4.4 Impact in terms of retaining cultural diversity - knowledge of local products and quality of space

Obviously the ‘quality of a place’ has something to do with what upholds the cultural levels of reflections (M. Foucault), in order to overcome structural contradictions. Behind such a sentence there are hidden many philosophical implications and interpretations of the world, or more precisely of set of institutions organised in such a way to produce individually and collectively such an outcome, as it may define the existence of things. Departing therefore from an analysis by Michael Foucault, CIED has added the wish to come to terms with local authorities. This includes opening up practical relationships with different types of associations or partners or local actors (profit making companies as well as educational institutes), in order to see what retains the ‘quality of space’ not as a hidden dimension, but as an outcome of deliverance of information and interaction over time at that place.
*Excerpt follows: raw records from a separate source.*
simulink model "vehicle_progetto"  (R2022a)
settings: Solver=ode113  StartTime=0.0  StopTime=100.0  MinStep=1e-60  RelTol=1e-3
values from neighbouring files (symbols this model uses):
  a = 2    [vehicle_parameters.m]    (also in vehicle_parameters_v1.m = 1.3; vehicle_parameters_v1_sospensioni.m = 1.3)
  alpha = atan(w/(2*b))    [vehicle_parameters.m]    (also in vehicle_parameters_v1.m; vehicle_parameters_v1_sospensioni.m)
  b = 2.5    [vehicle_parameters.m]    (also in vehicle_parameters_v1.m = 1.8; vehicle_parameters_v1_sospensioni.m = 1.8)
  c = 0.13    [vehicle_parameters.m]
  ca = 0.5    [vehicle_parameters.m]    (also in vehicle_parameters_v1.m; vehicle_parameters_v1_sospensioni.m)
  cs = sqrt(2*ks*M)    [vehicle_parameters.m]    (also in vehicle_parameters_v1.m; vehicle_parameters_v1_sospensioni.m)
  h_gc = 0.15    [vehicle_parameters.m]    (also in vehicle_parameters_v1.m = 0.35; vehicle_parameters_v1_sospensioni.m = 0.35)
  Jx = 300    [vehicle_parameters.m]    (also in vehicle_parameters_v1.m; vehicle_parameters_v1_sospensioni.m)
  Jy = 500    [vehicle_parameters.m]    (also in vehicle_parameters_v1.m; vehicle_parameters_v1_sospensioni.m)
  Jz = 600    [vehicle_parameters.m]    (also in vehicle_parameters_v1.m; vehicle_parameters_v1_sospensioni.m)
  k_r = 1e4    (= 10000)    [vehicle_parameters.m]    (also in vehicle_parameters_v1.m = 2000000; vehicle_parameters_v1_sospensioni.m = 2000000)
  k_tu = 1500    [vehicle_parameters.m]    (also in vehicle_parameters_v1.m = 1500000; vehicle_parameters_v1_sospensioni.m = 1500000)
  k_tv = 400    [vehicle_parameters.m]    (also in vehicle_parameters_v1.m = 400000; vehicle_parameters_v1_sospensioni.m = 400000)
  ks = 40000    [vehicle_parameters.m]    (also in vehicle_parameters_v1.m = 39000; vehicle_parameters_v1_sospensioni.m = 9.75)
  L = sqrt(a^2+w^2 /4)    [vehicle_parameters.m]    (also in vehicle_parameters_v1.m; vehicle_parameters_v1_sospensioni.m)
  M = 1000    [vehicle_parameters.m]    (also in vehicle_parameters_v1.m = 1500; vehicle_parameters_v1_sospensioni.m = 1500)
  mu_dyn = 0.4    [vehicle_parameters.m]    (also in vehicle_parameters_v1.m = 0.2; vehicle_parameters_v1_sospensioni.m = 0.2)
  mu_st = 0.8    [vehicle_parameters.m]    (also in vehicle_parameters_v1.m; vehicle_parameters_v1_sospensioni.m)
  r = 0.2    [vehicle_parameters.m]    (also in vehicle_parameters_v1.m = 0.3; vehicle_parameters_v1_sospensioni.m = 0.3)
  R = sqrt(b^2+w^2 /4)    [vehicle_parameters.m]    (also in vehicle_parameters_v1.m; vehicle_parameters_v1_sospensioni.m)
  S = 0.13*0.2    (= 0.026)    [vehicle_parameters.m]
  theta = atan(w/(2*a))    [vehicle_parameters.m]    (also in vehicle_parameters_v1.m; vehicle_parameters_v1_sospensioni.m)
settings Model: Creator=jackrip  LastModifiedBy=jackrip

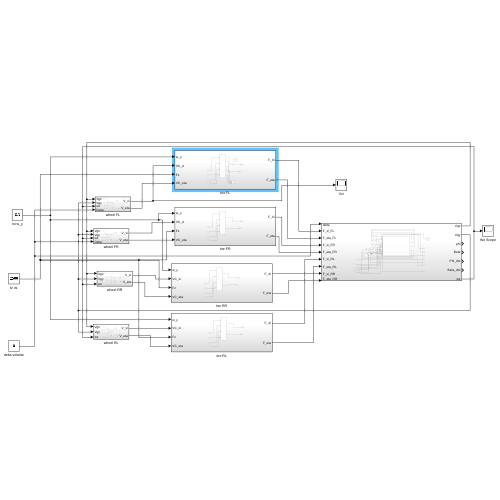
[thumbnail: Simulink's stored preview of the top-level diagram]
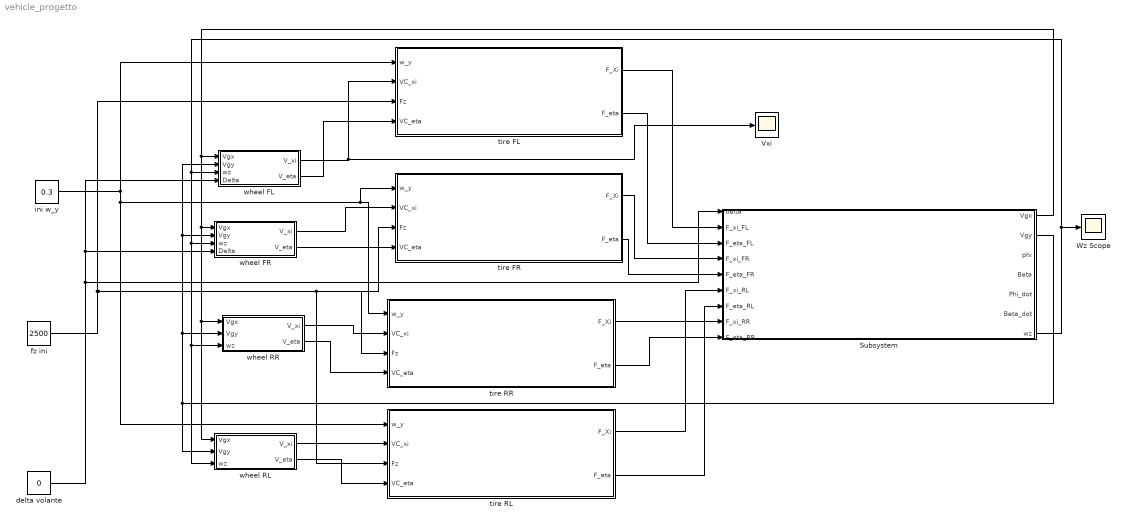
== system vehicle_progetto ==
  Subsystem : Subsystem
  Vxi : Scope
  Wz Scope : Scope
  delta volante : Constant  Value=0
  fz ini : Constant  Value=2500
  ini w_y : Constant  Value=0.3
  tire FL : Subsystem
  tire FR : Subsystem
  tire RL : Subsystem
  tire RR : Subsystem
  wheel FL : Subsystem
  wheel FR : Subsystem
  wheel RL : Subsystem
  wheel RR : Subsystem
  wires:
  wheel FL/1(V_xi) -> Vxi/1, tire FL/2(VC_xi)
  wheel FL/2(V_eta) -> tire FL/4(VC_eta)
  tire FL/1(F_Xi) -> Subsystem/2(F_xi_FL)
  tire FL/2(F_eta) -> Subsystem/3(F_eta_FL)
  tire RL/1(F_Xi) -> Subsystem/6(F_xi_RL)
  tire RL/2(F_eta) -> Subsystem/7(F_eta_RL)
  tire RR/1(F_Xi) -> Subsystem/8(F_xi_RR)
  tire RR/2(F_eta) -> Subsystem/9(F_eta_RR)
  tire FR/1(F_Xi) -> Subsystem/4(F_xi_FR)
  tire FR/2(F_eta) -> Subsystem/5(F_eta_FR)
  wheel FR/1(V_xi) -> tire FR/2(VC_xi)
  wheel FR/2(V_eta) -> tire FR/4(VC_eta)
  wheel RL/1(V_xi) -> tire RL/2(VC_xi)
  wheel RR/1(V_xi) -> tire RR/2(VC_xi)
  wheel RR/2(V_eta) -> tire RR/4(VC_eta)
  wheel RL/2(V_eta) -> tire RL/4(VC_eta)
  Subsystem/1(Vgx) -> wheel RL/1(Vgx), wheel RR/1(Vgx), wheel FR/1(Vgx), wheel FL/1(Vgx)
  Subsystem/2(Vgy) -> wheel FL/2(Vgy), wheel FR/2(Vgy), wheel RR/2(Vgy), wheel RL/2(Vgy)
  Subsystem/7(wz) -> Wz Scope/1, wheel RL/3(wz), wheel RR/3(wz), wheel FR/3(wz), wheel FL/3(wz)
  ini w_y/1 -> tire RL/1(w_y), tire RR/1(w_y), tire FR/1(w_y), tire FL/1(w_y)
  fz ini/1 -> tire RL/3(Fz), tire FR/3(Fz), tire RR/3(Fz), tire FL/3(Fz)
  delta volante/1 -> wheel FL/4(Delta), wheel FR/4(Delta), Subsystem/1(delta)

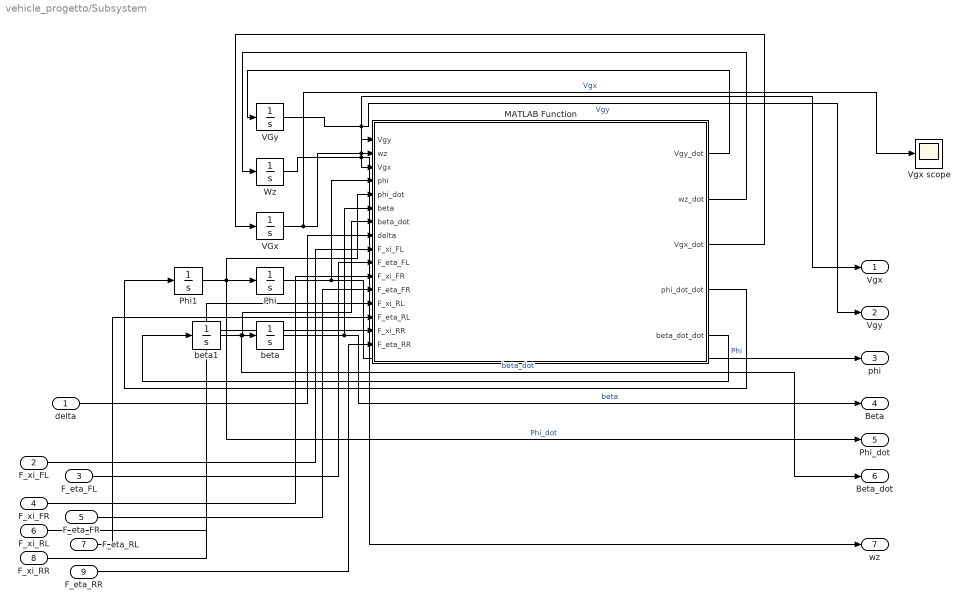
== system vehicle_progetto/Subsystem ==
  delta : Inport
  F_xi_FL : Inport  Port=2
  F_eta_FL : Inport  Port=3
  F_xi_FR : Inport  Port=4
  F_eta_FR : Inport  Port=5
  F_xi_RL : Inport  Port=6
  F_eta_RL : Inport  Port=7
  F_xi_RR : Inport  Port=8
  F_eta_RR : Inport  Port=9
  MATLAB Function : MATLAB Function  TreatAsAtomicUnit=on
  Phi : Integrator
  Phi1 : Integrator
  VGx : Integrator  InitialCondition=0.055
  VGy : Integrator
  Vgx scope : Scope
  Wz : Integrator
  beta : Integrator
  beta1 : Integrator
  Vgx : Outport
  Vgy : Outport  Port=2
  phi : Outport  Port=3
  Beta : Outport  Port=4
  Phi_dot : Outport  Port=5
  Beta_dot : Outport  Port=6
  wz : Outport  Port=7
  wires:
  Phi1/1 -> Phi_dot/1, MATLAB Function/5(phi_dot), Phi/1  "Phi_dot"
  MATLAB Function/1(Vgy_dot) -> VGy/1
  VGy/1 -> Vgy/1, MATLAB Function/1(Vgy)  "Vgy"
  MATLAB Function/2(wz_dot) -> Wz/1
  Wz/1 -> wz/1, MATLAB Function/2(wz)
  MATLAB Function/3(Vgx_dot) -> VGx/1
  VGx/1 -> Vgx scope/1, Vgx/1, MATLAB Function/3(Vgx)  "Vgx"
  MATLAB Function/4(phi_dot_dot) -> Phi1/1
  Phi/1 -> phi/1, MATLAB Function/4(phi)  "Phi"
  beta1/1 -> MATLAB Function/7(beta_dot), beta/1, Beta_dot/1  "beta_dot"
  MATLAB Function/5(beta_dot_dot) -> beta1/1
  beta/1 -> Beta/1, MATLAB Function/6(beta)  "beta"
  delta/1 -> MATLAB Function/8(delta)
  F_xi_FL/1 -> MATLAB Function/9(F_xi_FL)
  F_eta_FL/1 -> MATLAB Function/10(F_eta_FL)
  F_xi_FR/1 -> MATLAB Function/11(F_xi_FR)
  F_eta_FR/1 -> MATLAB Function/12(F_eta_FR)
  F_xi_RL/1 -> MATLAB Function/13(F_xi_RL)
  F_eta_RL/1 -> MATLAB Function/14(F_eta_RL)
  F_xi_RR/1 -> MATLAB Function/15(F_xi_RR)
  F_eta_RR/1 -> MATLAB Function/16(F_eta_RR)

It was first Michael D. Higgins who pointed out that the quality of a place depends upon a conscious cultural policy to off-set all those market forces ready to drive out things which people need, but which are not counted as valuable according to the market’s own set of criteria as to what is relevant, what not. Thus he is the first one to bespeak of a needed critique for otherwise valuable things are lost. Now this tradition of critique is not a common practised art and it differs from gossiping about the others, that is to give them a label. Critique needs to retain an own and distinct spirit of freedom, in order to reflect upon what it names as being ‘wrong’ in reference to some very basic principles of democratic accountability and cultural values such as truth, honest and memory. Critique is very much about linking and relating to work done in terms of and in reference to life and life being expressed through culture as a feeling or sentiment which people have in reflection of their own lives. This is not destiny which is sought, but conscious policy as a way of coming to terms with reality.

Now this effort to offset the negative impacts of the market has led within CIED to an intense search for critique of market forces.